Kalule Guwatudde, undergraduate student in the Mendoza College of Business, joined the ESDD Research Lab with the two-fold goal of running an energy-focused incubator competition with members of five Ugandan Energy E3 teams. Together, these team members use an asset-based international development paradigm, which includes an auto mechanic, electrician with solar certification, welder, metal-fabricator, rewinder, and electrical and mechanical engineers.

“For two years in Uganda I worked to create a pay-as-you-go energy system using solar panels. It wasn’t until I came to Notre Dame and joined the Energy E3 program that I learned about the business of energy and why mini-grids could actually better serve as an energy source,” said Guwatudde. “Now I know mini-grids are a more viable energy entrepreneurship idea, as it can leap-frog the centralized grid into a renewable energy smart grid based on maximizing locally sourced materials and expertise, based on local renewable energy sources.”

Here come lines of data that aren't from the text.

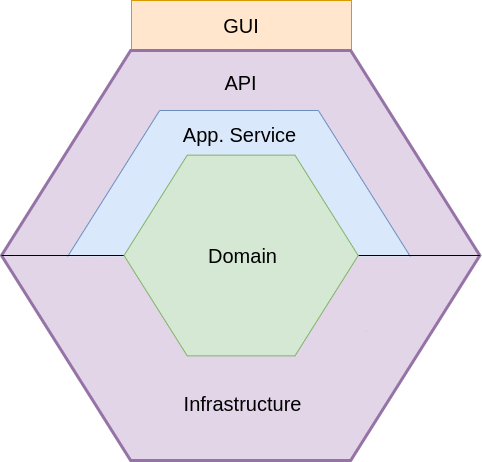

The diagram above was exported from draw.io. Its source (the exported page's mxGraphModel, read from the mxfile embedded in the PNG):
<mxGraphModel dx="1422" dy="799" grid="1" gridSize="10" guides="1" tooltips="1" connect="1" arrows="1" fold="1" page="1" pageScale="1" pageWidth="827" pageHeight="1169" math="0" shadow="0">
  <root>
    <mxCell id="0" />
    <mxCell id="1" parent="0" />
    <mxCell id="eoGRuUo7ZbIhLhgpEbZD-2" value="&lt;font style=&quot;font-size: 20px&quot;&gt;GUI&lt;br&gt;&lt;br&gt;&lt;br&gt;&lt;/font&gt;" style="rounded=0;whiteSpace=wrap;html=1;rotation=0;fillColor=#ffe6cc;strokeColor=#d79b00;" vertex="1" parent="1">
      <mxGeometry x="210" y="80" width="220" height="97" as="geometry" />
    </mxCell>
    <mxCell id="1latc0IeDOqRj40kpYRM-1" value="" style="verticalLabelPosition=bottom;verticalAlign=top;html=1;shape=hexagon;perimeter=hexagonPerimeter2;arcSize=6;size=0.27;fillColor=#e1d5e7;strokeColor=#9673a6;strokeWidth=3;" parent="1" vertex="1">
      <mxGeometry x="80" y="130" width="478.34" height="410" as="geometry" />
    </mxCell>
    <mxCell id="1latc0IeDOqRj40kpYRM-2" value="" style="verticalLabelPosition=bottom;verticalAlign=top;html=1;shape=hexagon;perimeter=hexagonPerimeter2;arcSize=6;size=0.27;fillColor=#dae8fc;strokeColor=#6c8ebf;" parent="1" vertex="1">
      <mxGeometry x="144.95" y="190" width="345.11" height="295.8" as="geometry" />
    </mxCell>
    <mxCell id="1latc0IeDOqRj40kpYRM-3" value="" style="verticalLabelPosition=bottom;verticalAlign=top;html=1;shape=mxgraph.basic.rect;fillColor2=none;strokeWidth=1;size=20;indent=5;strokeColor=none;fillColor=#e1d5e7;" parent="1" vertex="1">
      <mxGeometry x="185" y="376.13" width="260" height="113.87" as="geometry" />
    </mxCell>
    <mxCell id="1latc0IeDOqRj40kpYRM-4" value="" style="endArrow=none;html=1;rounded=0;exitX=0;exitY=0.5;exitDx=0;exitDy=0;entryX=0;entryY=0.5;entryDx=0;entryDy=0;" parent="1" source="1latc0IeDOqRj40kpYRM-1" target="1latc0IeDOqRj40kpYRM-8" edge="1">
      <mxGeometry relative="1" as="geometry">
        <mxPoint x="115" y="269.05" as="sourcePoint" />
        <mxPoint x="179.16999999999996" y="269.05" as="targetPoint" />
      </mxGeometry>
    </mxCell>
    <mxCell id="1latc0IeDOqRj40kpYRM-5" value="" style="endArrow=none;html=1;rounded=0;entryX=1;entryY=0.5;entryDx=0;entryDy=0;exitX=1;exitY=0.5;exitDx=0;exitDy=0;" parent="1" source="1latc0IeDOqRj40kpYRM-8" target="1latc0IeDOqRj40kpYRM-1" edge="1">
      <mxGeometry relative="1" as="geometry">
        <mxPoint x="305.84000000000003" y="269.05" as="sourcePoint" />
        <mxPoint x="370.0100000000001" y="269.05" as="targetPoint" />
      </mxGeometry>
    </mxCell>
    <mxCell id="1latc0IeDOqRj40kpYRM-6" value="API" style="text;html=1;align=center;verticalAlign=middle;resizable=0;points=[];autosize=1;strokeColor=none;fillColor=none;fontSize=20;" parent="1" vertex="1">
      <mxGeometry x="294.16999999999996" y="147" width="50" height="30" as="geometry" />
    </mxCell>
    <mxCell id="1latc0IeDOqRj40kpYRM-7" value="" style="verticalLabelPosition=bottom;verticalAlign=top;html=1;shape=mxgraph.basic.rect;fillColor2=none;strokeWidth=1;size=20;indent=5;strokeColor=none;fillColor=#e1d5e7;" parent="1" vertex="1">
      <mxGeometry x="135" y="336" width="370" height="74" as="geometry" />
    </mxCell>
    <mxCell id="1latc0IeDOqRj40kpYRM-8" value="" style="verticalLabelPosition=bottom;verticalAlign=top;html=1;shape=hexagon;perimeter=hexagonPerimeter2;arcSize=6;size=0.27;fillColor=#d5e8d4;strokeColor=#82b366;" parent="1" vertex="1">
      <mxGeometry x="202.51" y="234.64" width="234.19" height="200.72" as="geometry" />
    </mxCell>
    <mxCell id="1latc0IeDOqRj40kpYRM-9" value="Domain" style="text;html=1;align=center;verticalAlign=middle;resizable=0;points=[];autosize=1;strokeColor=none;fillColor=none;fontSize=20;" parent="1" vertex="1">
      <mxGeometry x="281.26" y="320" width="80" height="30" as="geometry" />
    </mxCell>
    <mxCell id="1latc0IeDOqRj40kpYRM-10" value="App. Service" style="text;html=1;align=center;verticalAlign=middle;resizable=0;points=[];autosize=1;strokeColor=none;fillColor=none;fontSize=20;" parent="1" vertex="1">
      <mxGeometry x="252.50999999999988" y="198.64" width="130" height="30" as="geometry" />
    </mxCell>
    <mxCell id="1latc0IeDOqRj40kpYRM-11" value="Infrastructure" style="text;html=1;align=center;verticalAlign=middle;resizable=0;points=[];autosize=1;strokeColor=none;fillColor=none;fontSize=20;" parent="1" vertex="1">
      <mxGeometry x="256.26" y="468" width="130" height="30" as="geometry" />
    </mxCell>
  </root>
</mxGraphModel>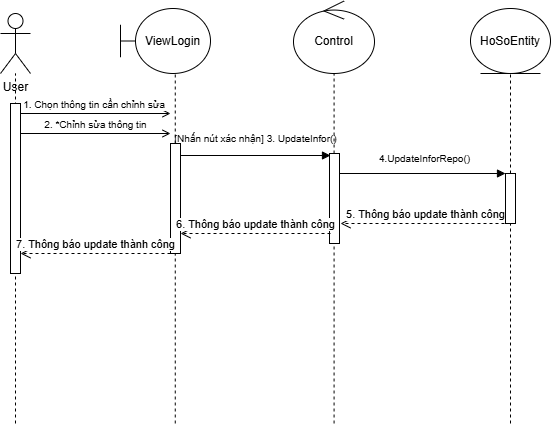

The diagram above was exported from draw.io. Its source (the exported page's mxGraphModel, read from the mxfile embedded in the PNG):
<mxGraphModel dx="970" dy="496" grid="1" gridSize="10" guides="1" tooltips="1" connect="1" arrows="1" fold="1" page="1" pageScale="1" pageWidth="827" pageHeight="1169" math="0" shadow="0">
  <root>
    <mxCell id="0" />
    <mxCell id="1" parent="0" />
    <mxCell id="s8l3ISeXjByuw9BJptxl-1" value="User" style="shape=umlActor;verticalLabelPosition=bottom;verticalAlign=top;html=1;outlineConnect=0;" parent="1" vertex="1">
      <mxGeometry x="80" y="70" width="30" height="60" as="geometry" />
    </mxCell>
    <mxCell id="s8l3ISeXjByuw9BJptxl-2" value="" style="endArrow=none;dashed=1;html=1;rounded=0;" parent="1" target="s8l3ISeXjByuw9BJptxl-1" edge="1">
      <mxGeometry width="50" height="50" relative="1" as="geometry">
        <mxPoint x="95" y="480" as="sourcePoint" />
        <mxPoint x="100" y="160" as="targetPoint" />
      </mxGeometry>
    </mxCell>
    <mxCell id="s8l3ISeXjByuw9BJptxl-3" value="ViewLogin" style="shape=umlBoundary;whiteSpace=wrap;html=1;" parent="1" vertex="1">
      <mxGeometry x="200" y="65" width="90" height="65" as="geometry" />
    </mxCell>
    <mxCell id="s8l3ISeXjByuw9BJptxl-4" value="Control" style="ellipse;shape=umlControl;whiteSpace=wrap;html=1;" parent="1" vertex="1">
      <mxGeometry x="373" y="57.5" width="81" height="72.5" as="geometry" />
    </mxCell>
    <mxCell id="s8l3ISeXjByuw9BJptxl-5" value="HoSoEntity" style="ellipse;shape=umlEntity;whiteSpace=wrap;html=1;" parent="1" vertex="1">
      <mxGeometry x="550" y="65" width="80" height="65" as="geometry" />
    </mxCell>
    <mxCell id="s8l3ISeXjByuw9BJptxl-6" value="" style="endArrow=none;dashed=1;html=1;rounded=0;" parent="1" edge="1" source="ZXuasmkUzZKdzhuF5KMJ-9">
      <mxGeometry width="50" height="50" relative="1" as="geometry">
        <mxPoint x="254.76" y="480" as="sourcePoint" />
        <mxPoint x="254.76" y="130" as="targetPoint" />
      </mxGeometry>
    </mxCell>
    <mxCell id="s8l3ISeXjByuw9BJptxl-7" value="" style="endArrow=none;dashed=1;html=1;rounded=0;" parent="1" edge="1" source="ZXuasmkUzZKdzhuF5KMJ-11">
      <mxGeometry width="50" height="50" relative="1" as="geometry">
        <mxPoint x="413.58" y="480" as="sourcePoint" />
        <mxPoint x="413.58" y="130" as="targetPoint" />
      </mxGeometry>
    </mxCell>
    <mxCell id="s8l3ISeXjByuw9BJptxl-8" value="" style="endArrow=none;dashed=1;html=1;rounded=0;" parent="1" edge="1" source="ZXuasmkUzZKdzhuF5KMJ-21">
      <mxGeometry width="50" height="50" relative="1" as="geometry">
        <mxPoint x="590" y="480" as="sourcePoint" />
        <mxPoint x="590" y="130" as="targetPoint" />
      </mxGeometry>
    </mxCell>
    <mxCell id="ZXuasmkUzZKdzhuF5KMJ-1" value="&lt;font style=&quot;font-size: 10px;&quot;&gt;1. Chọn thông tin cần chỉnh sửa&amp;nbsp;&lt;/font&gt;" style="html=1;verticalAlign=bottom;startArrow=none;startFill=0;endArrow=open;curved=0;rounded=0;endFill=0;" edge="1" parent="1">
      <mxGeometry width="60" relative="1" as="geometry">
        <mxPoint x="100" y="170" as="sourcePoint" />
        <mxPoint x="250" y="170" as="targetPoint" />
      </mxGeometry>
    </mxCell>
    <mxCell id="ZXuasmkUzZKdzhuF5KMJ-3" value="" style="html=1;points=[[0,0,0,0,5],[0,1,0,0,-5],[1,0,0,0,5],[1,1,0,0,-5]];perimeter=orthogonalPerimeter;outlineConnect=0;targetShapes=umlLifeline;portConstraint=eastwest;newEdgeStyle={&quot;curved&quot;:0,&quot;rounded&quot;:0};" vertex="1" parent="1">
      <mxGeometry x="90" y="160" width="10" height="170" as="geometry" />
    </mxCell>
    <mxCell id="ZXuasmkUzZKdzhuF5KMJ-6" value="" style="html=1;verticalAlign=bottom;startArrow=none;startFill=0;endArrow=block;curved=0;rounded=0;endFill=1;" edge="1" parent="1">
      <mxGeometry width="60" relative="1" as="geometry">
        <mxPoint x="255" y="212" as="sourcePoint" />
        <mxPoint x="410" y="212" as="targetPoint" />
      </mxGeometry>
    </mxCell>
    <mxCell id="ZXuasmkUzZKdzhuF5KMJ-7" value="&lt;font style=&quot;font-size: 10px;&quot;&gt;2. *Chỉnh sửa thông tin&lt;/font&gt;" style="html=1;verticalAlign=bottom;startArrow=none;startFill=0;endArrow=open;curved=0;rounded=0;endFill=0;" edge="1" parent="1">
      <mxGeometry width="60" relative="1" as="geometry">
        <mxPoint x="100" y="190" as="sourcePoint" />
        <mxPoint x="250" y="190" as="targetPoint" />
      </mxGeometry>
    </mxCell>
    <mxCell id="ZXuasmkUzZKdzhuF5KMJ-8" value="&lt;font style=&quot;font-size: 10px;&quot;&gt;[Nhấn nút xác nhận] 3. UpdateInfor()&lt;/font&gt;" style="text;html=1;align=center;verticalAlign=middle;resizable=0;points=[];autosize=1;strokeColor=none;fillColor=none;" vertex="1" parent="1">
      <mxGeometry x="240" y="180" width="190" height="30" as="geometry" />
    </mxCell>
    <mxCell id="ZXuasmkUzZKdzhuF5KMJ-10" value="" style="endArrow=none;dashed=1;html=1;rounded=0;" edge="1" parent="1" target="ZXuasmkUzZKdzhuF5KMJ-9">
      <mxGeometry width="50" height="50" relative="1" as="geometry">
        <mxPoint x="254.76" y="480" as="sourcePoint" />
        <mxPoint x="254.76" y="130" as="targetPoint" />
      </mxGeometry>
    </mxCell>
    <mxCell id="ZXuasmkUzZKdzhuF5KMJ-9" value="" style="html=1;points=[[0,0,0,0,5],[0,1,0,0,-5],[1,0,0,0,5],[1,1,0,0,-5]];perimeter=orthogonalPerimeter;outlineConnect=0;targetShapes=umlLifeline;portConstraint=eastwest;newEdgeStyle={&quot;curved&quot;:0,&quot;rounded&quot;:0};" vertex="1" parent="1">
      <mxGeometry x="250" y="200" width="10" height="110" as="geometry" />
    </mxCell>
    <mxCell id="ZXuasmkUzZKdzhuF5KMJ-12" value="" style="endArrow=none;dashed=1;html=1;rounded=0;" edge="1" parent="1" target="ZXuasmkUzZKdzhuF5KMJ-11">
      <mxGeometry width="50" height="50" relative="1" as="geometry">
        <mxPoint x="413.58" y="480" as="sourcePoint" />
        <mxPoint x="413.58" y="130" as="targetPoint" />
      </mxGeometry>
    </mxCell>
    <mxCell id="ZXuasmkUzZKdzhuF5KMJ-11" value="" style="html=1;points=[[0,0,0,0,5],[0,1,0,0,-5],[1,0,0,0,5],[1,1,0,0,-5]];perimeter=orthogonalPerimeter;outlineConnect=0;targetShapes=umlLifeline;portConstraint=eastwest;newEdgeStyle={&quot;curved&quot;:0,&quot;rounded&quot;:0};" vertex="1" parent="1">
      <mxGeometry x="409" y="210" width="10" height="90" as="geometry" />
    </mxCell>
    <mxCell id="ZXuasmkUzZKdzhuF5KMJ-16" value="" style="html=1;verticalAlign=bottom;startArrow=none;startFill=0;endArrow=block;curved=0;rounded=0;endFill=1;" edge="1" parent="1" target="ZXuasmkUzZKdzhuF5KMJ-21">
      <mxGeometry width="60" relative="1" as="geometry">
        <mxPoint x="419" y="230" as="sourcePoint" />
        <mxPoint x="590" y="231" as="targetPoint" />
      </mxGeometry>
    </mxCell>
    <mxCell id="ZXuasmkUzZKdzhuF5KMJ-17" value="&lt;span style=&quot;font-size: 10px;&quot;&gt;4.UpdateInforRepo()&lt;/span&gt;" style="text;html=1;align=center;verticalAlign=middle;resizable=0;points=[];autosize=1;strokeColor=none;fillColor=none;" vertex="1" parent="1">
      <mxGeometry x="449" y="200" width="110" height="30" as="geometry" />
    </mxCell>
    <mxCell id="ZXuasmkUzZKdzhuF5KMJ-20" value="5. Thông báo update thành công" style="html=1;verticalAlign=bottom;endArrow=open;dashed=1;endSize=8;curved=0;rounded=0;" edge="1" parent="1">
      <mxGeometry relative="1" as="geometry">
        <mxPoint x="590" y="280" as="sourcePoint" />
        <mxPoint x="420" y="280" as="targetPoint" />
      </mxGeometry>
    </mxCell>
    <mxCell id="ZXuasmkUzZKdzhuF5KMJ-22" value="" style="endArrow=none;dashed=1;html=1;rounded=0;" edge="1" parent="1" target="ZXuasmkUzZKdzhuF5KMJ-21">
      <mxGeometry width="50" height="50" relative="1" as="geometry">
        <mxPoint x="590" y="480" as="sourcePoint" />
        <mxPoint x="590" y="130" as="targetPoint" />
      </mxGeometry>
    </mxCell>
    <mxCell id="ZXuasmkUzZKdzhuF5KMJ-21" value="" style="html=1;points=[[0,0,0,0,5],[0,1,0,0,-5],[1,0,0,0,5],[1,1,0,0,-5]];perimeter=orthogonalPerimeter;outlineConnect=0;targetShapes=umlLifeline;portConstraint=eastwest;newEdgeStyle={&quot;curved&quot;:0,&quot;rounded&quot;:0};" vertex="1" parent="1">
      <mxGeometry x="585" y="230" width="10" height="50" as="geometry" />
    </mxCell>
    <mxCell id="ZXuasmkUzZKdzhuF5KMJ-23" value="6. Thông báo update thành công" style="html=1;verticalAlign=bottom;endArrow=open;dashed=1;endSize=8;curved=0;rounded=0;" edge="1" parent="1">
      <mxGeometry relative="1" as="geometry">
        <mxPoint x="410" y="290" as="sourcePoint" />
        <mxPoint x="260" y="290" as="targetPoint" />
      </mxGeometry>
    </mxCell>
    <mxCell id="ZXuasmkUzZKdzhuF5KMJ-24" value="7. Thông báo update thành công" style="html=1;verticalAlign=bottom;endArrow=open;dashed=1;endSize=8;curved=0;rounded=0;" edge="1" parent="1">
      <mxGeometry relative="1" as="geometry">
        <mxPoint x="250" y="310" as="sourcePoint" />
        <mxPoint x="100" y="310" as="targetPoint" />
      </mxGeometry>
    </mxCell>
  </root>
</mxGraphModel>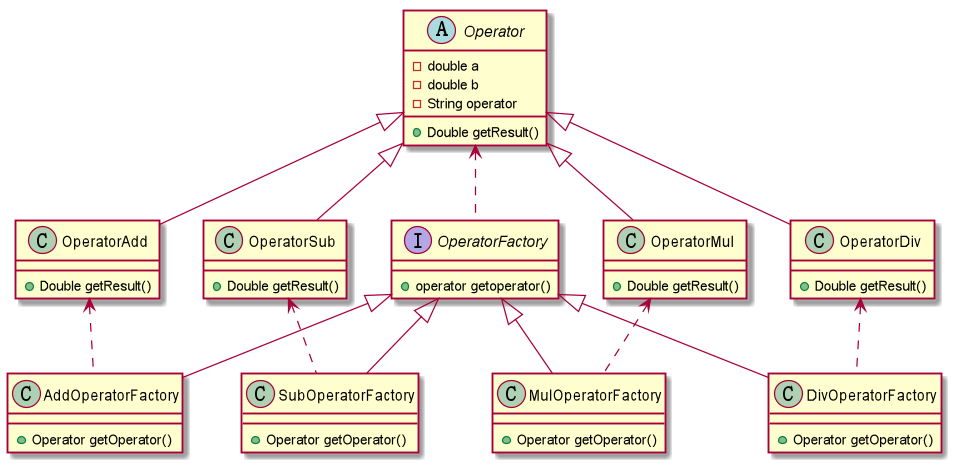

The diagram above was rendered by PlantUML. Its source (embedded in the PNG):
@startuml
Operator <.. OperatorFactory

interface OperatorFactory {
    + operator getoperator()
}

abstract class Operator {
    - double a
    - double b
    - String operator
    + Double getResult()
}

Operator <|-- OperatorAdd
Operator <|-- OperatorSub
Operator <|-- OperatorMul
Operator <|-- OperatorDiv

class OperatorAdd {
    + Double getResult()
}

class OperatorSub {
    + Double getResult()
}

class OperatorMul {
    + Double getResult()
}

class OperatorDiv {
    + Double getResult()
}

OperatorFactory <|-- AddOperatorFactory
OperatorFactory <|-- SubOperatorFactory
OperatorFactory <|-- MulOperatorFactory
OperatorFactory <|-- DivOperatorFactory

class AddOperatorFactory {
    + Operator getOperator()
}

OperatorAdd <.. AddOperatorFactory

class SubOperatorFactory {
    + Operator getOperator()
}

OperatorSub <.. SubOperatorFactory

class MulOperatorFactory {
    + Operator getOperator()
}

OperatorMul <.. MulOperatorFactory

class DivOperatorFactory {
    + Operator getOperator()
}
OperatorDiv <.. DivOperatorFactory

@enduml

Beyond energy research, Mechtenberg’s students study a variety of topics that can shed light on income growth. For Anne Stratman, this meant looking at how income distributions change over time for her senior honors physics thesis. Stratman (’19) used econophysics – applying physics modeling in economics – to understand how when people started with the same amount of money and randomly exchanged it, inevitably the wealth distribution became unequally dispersed. 

Stratman then looked at how different taxes – income, sales, and wealth – as well as public spending could impact inequality over time and at different rates, with the goal of defining symmetry breaking in capitalism. For this, instead of using a single Gini coefficient, a coefficient that defines a deviation from an equitable capitalistic system, she shifted towards understanding three Gini coefficients, which illustrate how capitalism is breaking and the strength of the symmetry breaking overtime. This could lead to a model describing symmetric and unsymmetric capitalist systems. 

“In this research, three different classes developed as seen in traditional economic understanding: a lower, a middle, and an upper class,” said Stratman, a Brennan Family Scholar. “The econophysics model we used is meant to simulate actual data about tax rates and public spending. With it, we could calculate the strength and directional force of the economic system to keep a group from moving from any class to another. It is not about being unfair or inequitable, it is about the current system potentially being broken.” 

This research project showed that out of the tax options, the wealth tax was the best at reducing inequality between the classes. Stratman said that, overall, she was surprised by how much inequality was shown. She plans to continue studying applied physics in graduate school at the University of Michigan this fall.